CI PyPI Python License: MIT

Turn a Kibana API log export into an executable pytest suite. Auth headers and secret-looking body fields redacted before they reach the output.

Status: v1.0.1 on PyPI. Stable per semver. Active roadmap, see open issues.

📖 Read the design write-up on Dev.to — privacy constraint, three-layer redaction, the v1.0.0 → v1.0.1 user-feedback story.

Why

You have Kibana logs from staging or production. Each entry is a real request: method, URL, status, duration, headers, body. That's a regression suite waiting to happen. Most teams either ignore it, screenshot interesting failures into Jira, or hand-write pytest cases from log entries one at a time.

I needed a faster path. secure-log2test reads a Kibana JSON export and writes a pytest module you can run and commit. Auth values get replaced with ***REDACTED*** before they ever touch the output, so a generated suite is safe to push to a public repo.

The tool exists because at Лента I kept doing the same five steps by hand for every production incident: open Kibana, scroll, copy the failing request, paste into a new test, repeat. Five minutes per request times ten requests means an hour gone before any actual debugging starts.

Quickstart

pip install secure-log2test

secure-log2test data/sample_kibana_export.json --output tests_generated.py
pytest tests_generated.py -v

A sample export ships with the repo (data/sample_kibana_export.json), so you can see real output without setting up a Kibana instance first. Grab it from the GitHub repo if you installed from PyPI.

For local development:

git clone https://github.com/golikovichev/secure-log2test
cd secure-log2test
python -m venv .venv && source .venv/bin/activate  # or .venv\Scripts\activate on Windows
pip install -e ".[dev]"
pytest tests/ -v

How it works

Two stages, kept separate.

Parse (core/parser.py). Reads the Kibana JSON and validates each entry through Pydantic v2. Two layers of redaction run before any further processing:

  • A static list of well-known headers (authorization, proxy-authorization, proxy-authenticate, cookie, set-cookie, x-api-key, x-auth-token, x-csrf-token, x-access-token, refresh-token, id-token, x-amz-security-token, authentication).
  • A regex pattern (auth|token|secret|key|session|cookie|credential|bearer|password|passwd) that catches custom header names and body field names project teams invent.

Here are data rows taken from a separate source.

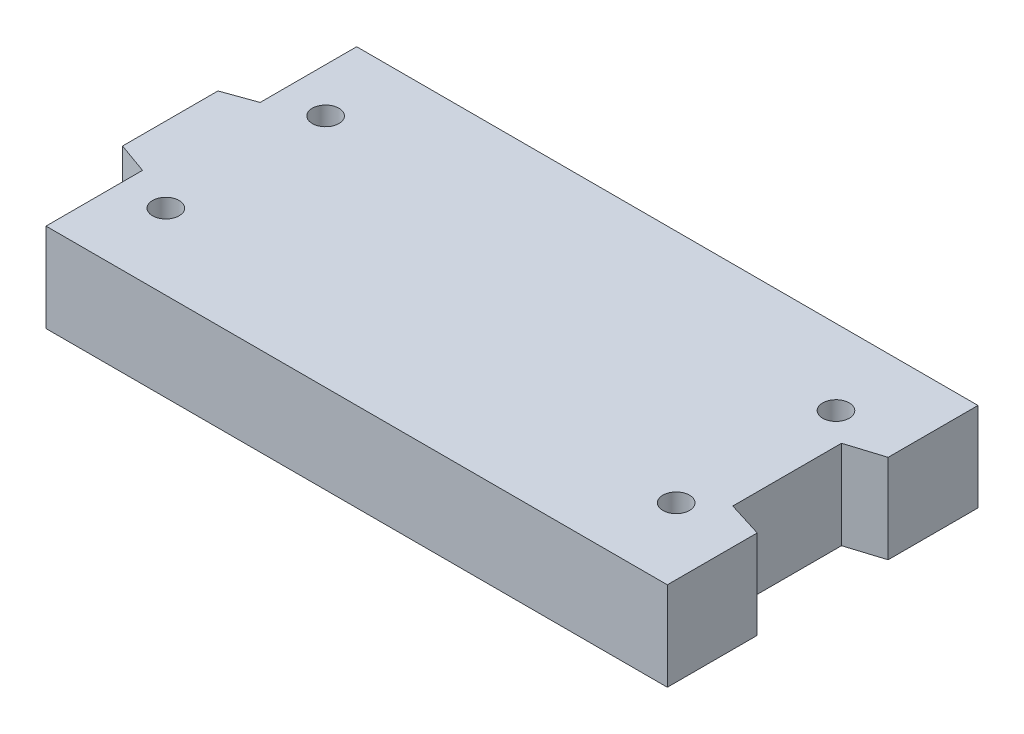
from build123d import *

# Parameters (mm, degrees)
ESTRUSIONE1_DEPTH                   = 40
SCHIZZO5_R                          = 40.25
ESTRUSIONE4_DEPTH                   = 12.5
SFORMO2_ANGLE                       = 25
RACCORDO1_R                         = 3
RACCORDO2_R                         = 5
RIPETIZIONE_A_L1_COUNT              = 2
RIPETIZIONE_A_L1_PITCH              = 141
SFORMO2_OF_RIPETIZIONE_A_L1_2_ANGLE = 25
RACCORDO1_OF_RIPETIZIONE_A_L1_R     = 3
RACCORDO2_OF_RIPETIZIONE_A_L1_R     = 5
M12_TAPPED_HOLE1_D                  = 10.2
M12_TAPPED_HOLE1_DEPTH              = 32.75
M12_TAPPED_HOLE1_CBORE_D            = 12
M12_TAPPED_HOLE1_CBORE_DEPTH        = 24
M12_TAPPED_HOLE1_TIP                = 3.064389157


with BuildPart() as part:
    # Schizzo2 → Estrusione1 (new body)
    with BuildSketch(Plane(origin=(0, 0, 0), x_dir=(1, 0, 0), z_dir=(0, 1, 0))):
        Polygon((-162.652486086, 21.5), (-162.652486086, -21.5), (-148.652486086, -26.5), (-148.652486086, -66), (-148.652486086, -70), (-144.652486086, -70), (127.347513914, -70), (131.347513914, -70), (131.347513914, -66), (131.347513914, -29.5), (115.347513914, -24.5), (115.347513914, 24.5), (131.347513914, 29.5), (131.347513914, 66), (131.347513914, 70), (127.347513914, 70), (-144.652486086, 70), (-148.652486086, 70), (-148.652486086, 66), (-148.652486086, 26.5), align=None)
    extrude(amount=ESTRUSIONE1_DEPTH)

    # Schizzo5 → Estrusione4 (cut)
    with BuildSketch(Plane.XZ):
        with Locations(Location((-80.652486086, 0, 0), (0, 0, 270))):
            Circle(SCHIZZO5_R)
    estrusione4 = extrude(amount=-ESTRUSIONE4_DEPTH, mode=Mode.SUBTRACT)

    # Sformo2
    sformo2_faces = [part.faces().sort_by_distance(p)[0] for p in [
        (-80.652486086, 6.25, 40.25),
    ]]
    draft(sformo2_faces, Plane(origin=(131.347513914, 0, 29.5), x_dir=(0, 0, -1), z_dir=(0, -1, 0)), SFORMO2_ANGLE)

    # Raccordo1
    raccordo1_edges = [part.edges().sort_by_distance(p)[0] for p in [
        (-80.652486086, 0, 40.25),
    ]]
    fillet(raccordo1_edges, radius=RACCORDO1_R)

    # Raccordo2
    raccordo2_edges = [part.edges().sort_by_distance(p)[0] for p in [
        (-80.652486086, 12.5, 34.421154273),
    ]]
    fillet(raccordo2_edges, radius=RACCORDO2_R)

    # Ripetizione a L1: Estrusione4 ×2
    with Locations(*[(i * RIPETIZIONE_A_L1_PITCH, 0, 0) for i in range(1, RIPETIZIONE_A_L1_COUNT)]):
        add(estrusione4, mode=Mode.SUBTRACT)

    # Sformo2 of Ripetizione a L1 2
    sformo2_of_ripetizione_a_l1_2_faces = [part.faces().sort_by_distance(p)[0] for p in [
        (60.347513914, 6.25, 40.25),
    ]]
    draft(sformo2_of_ripetizione_a_l1_2_faces, Plane(origin=(272.347513914, 0, 29.5), x_dir=(0, 0, -1), z_dir=(0, -1, 0)), SFORMO2_OF_RIPETIZIONE_A_L1_2_ANGLE)

    # Raccordo1 of Ripetizione a L1
    raccordo1_of_ripetizione_a_l1_edges = [part.edges().sort_by_distance(p)[0] for p in [
        (60.347513914, 0, 40.25),
    ]]
    fillet(raccordo1_of_ripetizione_a_l1_edges, radius=RACCORDO1_OF_RIPETIZIONE_A_L1_R)

    # Raccordo2 of Ripetizione a L1
    raccordo2_of_ripetizione_a_l1_edges = [part.edges().sort_by_distance(p)[0] for p in [
        (60.347513914, 12.5, 34.421154273),
    ]]
    fillet(raccordo2_of_ripetizione_a_l1_edges, radius=RACCORDO2_OF_RIPETIZIONE_A_L1_R)

    # M12 Tapped Hole1
    with Locations(Plane(origin=(-128.652486086, 40, -36), x_dir=(0, 0, 1), z_dir=(0, 1, 0))):
        with Locations((0, 0), (0, 230), (72, 230), (72, 0)):
            CounterBoreHole(M12_TAPPED_HOLE1_D / 2, M12_TAPPED_HOLE1_CBORE_D / 2, M12_TAPPED_HOLE1_CBORE_DEPTH, depth=M12_TAPPED_HOLE1_DEPTH)
            with Locations((0, 0, -(M12_TAPPED_HOLE1_DEPTH + M12_TAPPED_HOLE1_TIP / 2))):  # 118° drill point
                Cone(0, M12_TAPPED_HOLE1_D / 2, M12_TAPPED_HOLE1_TIP, mode=Mode.SUBTRACT)


solid = part.part

The same logic walks request bodies recursively, so {"password": "..."}, {"client_secret": "..."}, OAuth {"refresh_token": "..."} all get scrubbed at parse time. Header name matching is case-insensitive. Values get replaced with ***REDACTED***. The original input dict is not mutated.

Generate (core/generator.py). Takes the cleaned entries and renders a Jinja2 template (templates/test_module.py.j2) into a pytest module. Each log entry becomes one test_* function. The slug filter turns /api/v1/users/42 into a stable function name. A --base-url flag lets you target staging vs production at runtime.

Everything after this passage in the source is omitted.